(Dataset items)
[Start of Attachment]

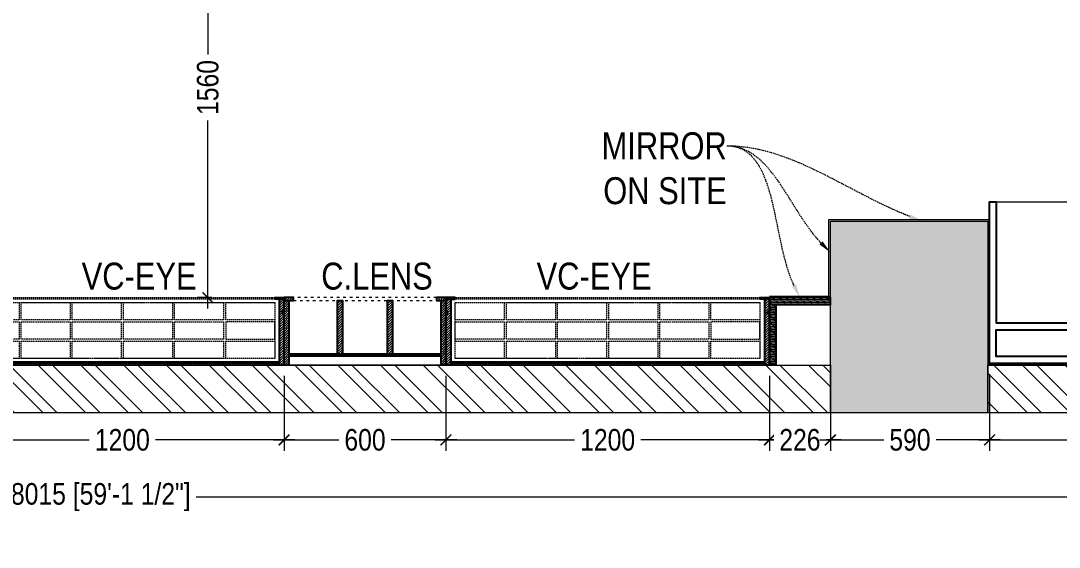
# Model space of a CAD drawing. Header units: millimetres. Extents: x 7389 to 27936, y -894474 to -881284.
# Drawn here: x 18225 to 22076, y -894121 to -892167 of the extents above; entities that cross this region are included whole.
import ezdxf
from ezdxf import colors
from ezdxf.entities.mleader import LeaderData, LeaderLine
from ezdxf.enums import TextEntityAlignment as Align
from ezdxf.lldxf.tags import DXFTag
from ezdxf.math import Vec2, Vec3

# ---------------------------------------------------------------- set-up
doc = ezdxf.new("R2010")
doc.units = ezdxf.units.MM
doc.header["$LTSCALE"] = 40
doc.header["$MEASUREMENT"] = 0
doc.header["$PDMODE"] = 3
for name, pattern in [('a_p6_plan_L18$0$HIDDEN', [0.375, 0.25, -0.125]), ('ACAD_ISO03W100', [30, 12, -18]), ('HIDDEN2', [0.1875, 0.125, -0.0625])]:
    doc.linetypes.add(name, pattern=pattern)
for name, color, linetype, lineweight in [('A-WALL-MASY', 1, 'Continuous', 9), ('Column', 243, 'Continuous', 9), ('Column hatch', 8, 'Continuous', 9), ('dimensions', 149, 'Continuous', 5), ('Floor-Unit', 1, 'Continuous', 13), ('HIDDEN LINE', 177, 'Continuous', 0), ('IM-ANNO-HATCH', 8, 'Continuous', 5), ('LENS_PARTITION', 21, 'Continuous', 25), ('LENS_TEXT', 31, 'HIDDEN2', 5), ('LN-DIMENSION', 252, 'Continuous', 5), ('LN-ELEVATION-1', 81, 'Continuous', 25), ('LN-ELEVATION-3', 125, 'a_p6_plan_L18$0$HIDDEN', 18), ('LN-ELEVATION-4', 145, 'Continuous', 13), ('LN-ELEVATION-5', 167, 'Continuous', 5), ('LN-HATCH', 251, 'Continuous', 0), ('Mirror', 4, 'Continuous', 15), ('wall hatch', 22, 'Continuous', 9)]:
    doc.layers.add(name, color=color, linetype=linetype, lineweight=lineweight)
doc.styles.get("Standard").update_dxf_attribs({"font": 'ARIALN.TTF'})
tags = doc.linetypes.add('DASHED2', pattern=[0.375, 0.25, -0.125]).pattern_tags.tags
tags[6:7] = [DXFTag(74, 4), DXFTag(75, 0), DXFTag(340, '0'), DXFTag(46, 1.0), DXFTag(50, 0.0), DXFTag(44, 0.0), DXFTag(45, 0.0)]
tags[4:5] = [DXFTag(74, 4), DXFTag(75, 0), DXFTag(340, '0'), DXFTag(46, 1.0), DXFTag(50, 0.0), DXFTag(44, 0.0), DXFTag(45, 0.0)]
doc.dimstyles.new('Working', dxfattribs={"dimscale": 0.8, "dimtxt": 100, "dimasz": 50, "dimexe": 50, "dimexo": 50, "dimgap": 25, "dimtad": 0, "dimdec": 0, "dimzin": 0, "dimdsep": 46, "dimtxsty": 'Standard', "dimblk": 'ARCHTICK', "dimcen": 0, "dimdle": 50, "dimclrd": 250, "dimclre": 8, "dimclrt": 7, "dimadec": 0, "dimazin": 0, "dimtfac": 1, "dimtdec": 0, "dimtofl": 0, "dimtmove": 1, "dimatfit": 3, "dimfxl": 3, "dimtolj": 1, "dimlwd": 5, "dimlwe": 0, "dimarcsym": 0})
pattern_1 = [(45, (7858054.0837, 3504049.203), (-4.4901280605, 4.4901280605), [])]
pattern_2 = [(45, (3990327.2935, 1709214.6916), (-4.4901280605, 4.4901280605), [])]

# ---------------------------------------------------------------- blocks, each defined once
blk = doc.blocks.new('serfqrewfqrew')
at = {"layer": 'Column hatch'}
h = blk.add_hatch(color=256, dxfattribs=at)
h.dxf.hatch_style = 1
h.paths.add_polyline_path([(-18243.7, -4751.5), (-17811.8, -4751.5), (-17811.8, -5361.3), (-18243.7, -5361.3)])
h.paths.add_polyline_path([(-18040.5, 0), (-18243.7, 0), (-18243.7, -330.3), (-18040.5, -330.3)])
h.paths.add_polyline_path([(-14864.3, -5361.3), (-14381.5, -5361.3), (-14381.5, -4726.1), (-14864.3, -4726.1)])
h.paths.add_polyline_path([(-11688.2, -4751.5), (-11230.8, -4751.5), (-11230.8, -5361.3), (-11688.2, -5361.3)])
h.paths.add_polyline_path([(-6504.7, -4649.9), (-5920.3, -4649.9), (-5920.3, -5361.3), (-6504.7, -5361.3)])
h.paths.add_polyline_path([(-787.7, -5361.3), (0, -5361.3), (0, -4827.7), (-787.7, -4827.7)])
h.paths.add_polyline_path([(0, -609.8), (-813.1, -609.8), (-813.1, 0), (0, 0)])
at = {"layer": 'wall hatch'}
h = blk.add_hatch(dxfattribs=at)
h.set_pattern_fill('ANSI32', color=256, scale=300, angle=269.87)
h.set_pattern_definition([(314.87, (-17906290.98, 1629025.95), (79.7298001, 79.36881616), []), (314.87, (-17906291.1, 1628972.92), (79.7298001, 79.36881616), [])])
h.paths.add_polyline_path([(-813.1, -228.7), (-18040.5, -228.7), (-18040.5, 0), (-813.1, 0)])
h.paths.add_polyline_path([(-17811.8, -5132.6), (-14864.3, -5132.6), (-14864.3, -5361.3), (-17811.8, -5361.3)])
h.paths.add_polyline_path([(-14381.5, -5158), (-11688.2, -5158), (-11688.2, -5361.3), (-14381.5, -5361.3)])
h.paths.add_polyline_path([(-11230.8, -5183.5), (-6504.7, -5183.5), (-6504.7, -5361.3), (-11230.8, -5361.3)])
h.paths.add_polyline_path([(-5920.3, -5183.5), (-787.7, -5183.5), (-787.7, -5361.3), (-5920.3, -5361.3)])
h.paths.add_polyline_path([(-228.7, -4827.7), (0, -4827.7), (0, -609.8), (-228.7, -609.8)])
at = {"layer": 'A-WALL-MASY'}
for points in [[(-11230.8, -5183.5), (-6504.7, -5183.5), (-6504.7, -5361.3), (-11230.8, -5361.3)], [(-5920.3, -5183.5), (-787.7, -5183.5), (-787.7, -5361.3), (-5920.3, -5361.3)]]:
    blk.add_lwpolyline(points, close=True, dxfattribs=at)
at = {"layer": 'Column'}
blk.add_lwpolyline([(-6504.7, -4649.9), (-5920.3, -4649.9), (-5920.3, -5361.3), (-6504.7, -5361.3)], close=True, dxfattribs=at)
blk = doc.blocks.new('12MM VC PLAN')
at = {"layer": 'LN-HATCH', "ltscale": 0.5}
h = blk.add_hatch(dxfattribs=at)
h.set_pattern_fill('ANSI31', color=256, scale=2)
h.set_pattern_definition([(45, (3760859.753, 1795248.936), (-4.490128061, 4.490128061), [])])
h.paths.add_polyline_path([(-1200, 250), (-1200, 60), (-1194, 60), (-1194, 50), (-1200, 50), (-1200, 6), (-1182, 6), (-1182, 250)])
h = blk.add_hatch(dxfattribs=at)
h.set_pattern_fill('ANSI31', color=256, scale=2)
h.set_pattern_definition(pattern_1)
h.paths.add_polyline_path([(0, 250), (0, 60), (-6, 60), (-6, 50), (0, 50), (0, 6), (-18, 6), (-18, 250)])
h = blk.add_hatch(dxfattribs=at)
h.set_pattern_fill('ANSI31', color=256, scale=2)
h.set_pattern_definition([(45, (7858047.0837, 3504049.203), (-4.4901280605, 4.4901280605), [])])
h.paths.add_polyline_path([(-1165, 6), (-1165, 0), (-1200, 0), (-1200, 6)])
h = blk.add_hatch(dxfattribs=at)
h.set_pattern_fill('ANSI31', color=256, scale=2)
h.set_pattern_definition(pattern_1)
h.paths.add_polyline_path([(-28, 6), (-28, 0), (0, 0), (0, 6)])
at = {"layer": 'LN-ELEVATION-1', "ltscale": 0.5}
for points in [[(-1200, 250), (-1200, 60), (-1194, 60), (-1194, 50), (-1200, 50), (-1200, 6), (-1182, 6), (-1182, 250)], [(-18, 238), (-1182, 238), (-1182, 244), (-18, 244)], [(0, 250), (0, 60), (-6, 60), (-6, 50), (0, 50), (0, 6), (-18, 6), (-18, 250)], [(-1165, 6), (-1165, 0), (-1200, 0), (-1200, 6)], [(-35, 6), (-35, 0), (0, 0), (0, 6)]]:
    blk.add_lwpolyline(points, close=True, dxfattribs=at)
at = {"layer": 'LN-ELEVATION-3', "ltscale": 0.5}
for p, q in [((-1182, 250), (-18, 250)), ((-1165, 6), (-35, 6)), ((-35, 0), (-1165, 0))]:
    blk.add_line(p, q, dxfattribs=at)
for points in [[(-1165, 226), (-35, 226), (-35, 18), (-1165, 18)], [(-1165, 226), (-983.3, 226), (-983.3, 162), (-1165, 162)], [(-975.3, 226), (-793.7, 226), (-793.7, 162), (-975.3, 162)], [(-785.7, 226), (-604, 226), (-604, 162), (-785.7, 162)], [(-596, 226), (-414.3, 226), (-414.3, 162), (-596, 162)], [(-406.3, 226), (-224.7, 226), (-224.7, 162), (-406.3, 162)], [(-216.7, 226), (-35, 226), (-35, 162), (-216.7, 162)], [(-1165, 90), (-983.3, 90), (-983.3, 154), (-1165, 154)], [(-975.3, 154), (-793.7, 154), (-793.7, 90), (-975.3, 90)], [(-785.7, 154), (-604, 154), (-604, 90), (-785.7, 90)], [(-596, 154), (-414.3, 154), (-414.3, 90), (-596, 90)], [(-406.3, 154), (-224.7, 154), (-224.7, 90), (-406.3, 90)], [(-216.7, 154), (-35, 154), (-35, 90), (-216.7, 90)], [(-1165, 82), (-983.3, 82), (-983.3, 18), (-1165, 18)], [(-975.3, 82), (-793.7, 82), (-793.7, 18), (-975.3, 18)], [(-785.7, 82), (-604, 82), (-604, 18), (-785.7, 18)], [(-596, 82), (-414.3, 82), (-414.3, 18), (-596, 18)], [(-406.3, 82), (-224.7, 82), (-224.7, 18), (-406.3, 18)], [(-216.7, 82), (-35, 82), (-35, 18), (-216.7, 18)]]:
    blk.add_lwpolyline(points, close=True, dxfattribs=at)
blk = doc.blocks.new('DGHRTGUJTW')
at = {"layer": 'LN-HATCH', "ltscale": 0.5}
h = blk.add_hatch(dxfattribs=at)
h.set_pattern_fill('ANSI31', color=256, scale=2)
h.set_pattern_definition(pattern_2)
h.paths.add_polyline_path([(-600, 0), (-582, 0), (-582, -240), (-600, -240)])
h = blk.add_hatch(dxfattribs=at)
h.set_pattern_fill('ANSI31', color=256, scale=2)
h.set_pattern_definition([(45, (3975657.573, 1709214.6916), (-4.490128061, 4.490128061), [])])
h.paths.add_polyline_path([(-18, 0), (0, 0), (0, -240), (-18, -240)])
h = blk.add_hatch(dxfattribs=at)
h.set_pattern_fill('ANSI31', color=256, scale=2)
h.set_pattern_definition([(45, (3990252.2935, 1709214.6916), (-4.4901280605, 4.4901280605), [])])
h.paths.add_polyline_path([(-582, -40), (-18, -40), (-18, -34), (-582, -34)])
h = blk.add_hatch(dxfattribs=at)
h.set_pattern_fill('ANSI31', color=256, scale=2)
h.set_pattern_definition([(45, (3990275.2935, 1709214.6916), (-4.4901280605, 4.4901280605), [])])
h.paths.add_polyline_path([(-402, -40), (-384, -40), (-384, -240), (-402, -240)])
h = blk.add_hatch(dxfattribs=at)
h.set_pattern_fill('ANSI31', color=256, scale=2)
h.set_pattern_definition([(45, (3990229.2935, 1709214.6916), (-4.4901280605, 4.4901280605), [])])
h.paths.add_polyline_path([(-216, -40), (-198, -40), (-198, -240), (-216, -240)])
h = blk.add_hatch(dxfattribs=at)
h.set_pattern_fill('ANSI31', color=256, scale=2)
h.set_pattern_definition(pattern_2)
h.paths.add_polyline_path([(-600, -250), (-565, -250), (-565, -240), (-600, -240)])
h = blk.add_hatch(dxfattribs=at)
h.set_pattern_fill('ANSI31', color=256, scale=2)
h.set_pattern_definition([(45, (3990177.2935, 1709214.6916), (-4.4901280605, 4.4901280605), [])])
h.paths.add_polyline_path([(-35, -250), (0, -250), (0, -240), (-35, -240)])
at = {"layer": 'HIDDEN LINE', "linetype": 'ACAD_ISO03W100', "ltscale": 0.02}
for p, q in [((-35, -240), (-565, -240)), ((-565, -250), (-35, -250))]:
    blk.add_line(p, q, dxfattribs=at)
at = {"layer": 'LN-ELEVATION-1', "ltscale": 0.5}
for points in [[(-600, 0), (-582, 0), (-582, -240), (-600, -240)], [(-18, 0), (0, 0), (0, -240), (-18, -240)], [(-582, -40), (-18, -40), (-18, -34), (-582, -34)], [(-402, -40), (-384, -40), (-384, -240), (-402, -240)], [(-216, -40), (-198, -40), (-198, -240), (-216, -240)], [(-600, -250), (-565, -250), (-565, -240), (-600, -240)], [(-35, -250), (0, -250), (0, -240), (-35, -240)]]:
    blk.add_lwpolyline(points, close=True, dxfattribs=at)
at = {"layer": 'LN-ELEVATION-4'}
blk.add_line((-18, 0), (-582, 0), dxfattribs=at)
blk = doc.blocks.new('R-Table-1200')
at = {"layer": 'Floor-Unit', "color": 1}
blk.add_lwpolyline([(-404.5, 178.7), (-404.5, -56.3), (-158.5, -56.3), (-158.5, 178.7)], close=True, dxfattribs=at)
at = {"layer": 'LN-DIMENSION', "ltscale": 0.5}
blk.add_lwpolyline([(-9, -225), (-575, -225), (-575, 225), (-9, 225)], close=True, dxfattribs=at)
at = {"layer": 'LN-ELEVATION-1'}
blk.add_lwpolyline([(-575, -225), (-600, -225), (-600, 375), (600, 375), (600, -225), (575, -225), (575, 225), (-575, 225)], close=True, dxfattribs=at)
at = {"layer": 'LN-ELEVATION-1', "ltscale": 0.5}
for points in [[(-575, 350), (575, 350), (575, 250), (-575, 250)], [(-9, 225), (9, 225), (9, -225), (-9, -225)]]:
    blk.add_lwpolyline(points, close=True, dxfattribs=at)
at = {"layer": 'LN-ELEVATION-5', "ltscale": 0.5}
blk.add_lwpolyline([(575, -225), (-575, -225)], dxfattribs=at)
blk.add_attdef('SIZE', (-557.7, -216.5), '', height=25)
blk.add_attdef('NAME', text='', height=100).set_placement((-411.8, -254.3), align=Align.TOP_LEFT)
at = {"layer": 'LENS_TEXT', "color": 0, "insert": (-403.4, -157.5), "char_height": 90, "attachment_point": 7}
blk.add_mtext_dynamic_manual_height_columns('\\pxqc;LENSO\\PMETER', width=249.839, gutter_width=1, heights=[0], dxfattribs=at)
blk = doc.blocks.new('_ArchTick')
at = {"const_width": 0.15}
blk.add_lwpolyline([(-0.5, -0.5), (0.5, 0.5)], dxfattribs=at)
blk = doc.blocks.new('*D73')
at = {"layer": 'Defpoints', "color": 0, "ltscale": 50, "transparency": 16777216}
for p in [(18001.5, -893444.7), (19201.5, -893444.7), (19201.5, -893723)]:
    blk.add_point(p, dxfattribs=at)
at = {"layer": 'dimensions', "color": 8, "linetype": 'DASHED2', "lineweight": 0, "ltscale": 50, "transparency": 16777216}
for p, q in [((18001.5, -893484.7), (18001.5, -893763)), ((19201.5, -893484.7), (19201.5, -893763))]:
    blk.add_line(p, q, dxfattribs=at)
at = {"layer": 'dimensions', "color": 250, "linetype": 'DASHED2', "lineweight": 5, "ltscale": 50, "transparency": 16777216}
for p, q in [((17961.5, -893723), (18486.8, -893723)), ((19241.5, -893723), (18716.3, -893723))]:
    blk.add_line(p, q, dxfattribs=at)
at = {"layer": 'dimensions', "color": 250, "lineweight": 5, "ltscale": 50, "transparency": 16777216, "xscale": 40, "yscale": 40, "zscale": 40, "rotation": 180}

[End of Attachment]

=== Task brief ===
Set down word for word the lines from the opening of the entries above through the line that contains "from ezdxf.enums import", and omit every picture.

=== Task result ===
# Model space of a CAD drawing. Header units: millimetres. Extents: x 7389 to 27936, y -894474 to -881284.
# Drawn here: x 18225 to 22076, y -894121 to -892167 of the extents above; entities that cross this region are included whole.
import ezdxf
from ezdxf import colors
from ezdxf.entities.mleader import LeaderData, LeaderLine
from ezdxf.enums import TextEntityAlignment as Align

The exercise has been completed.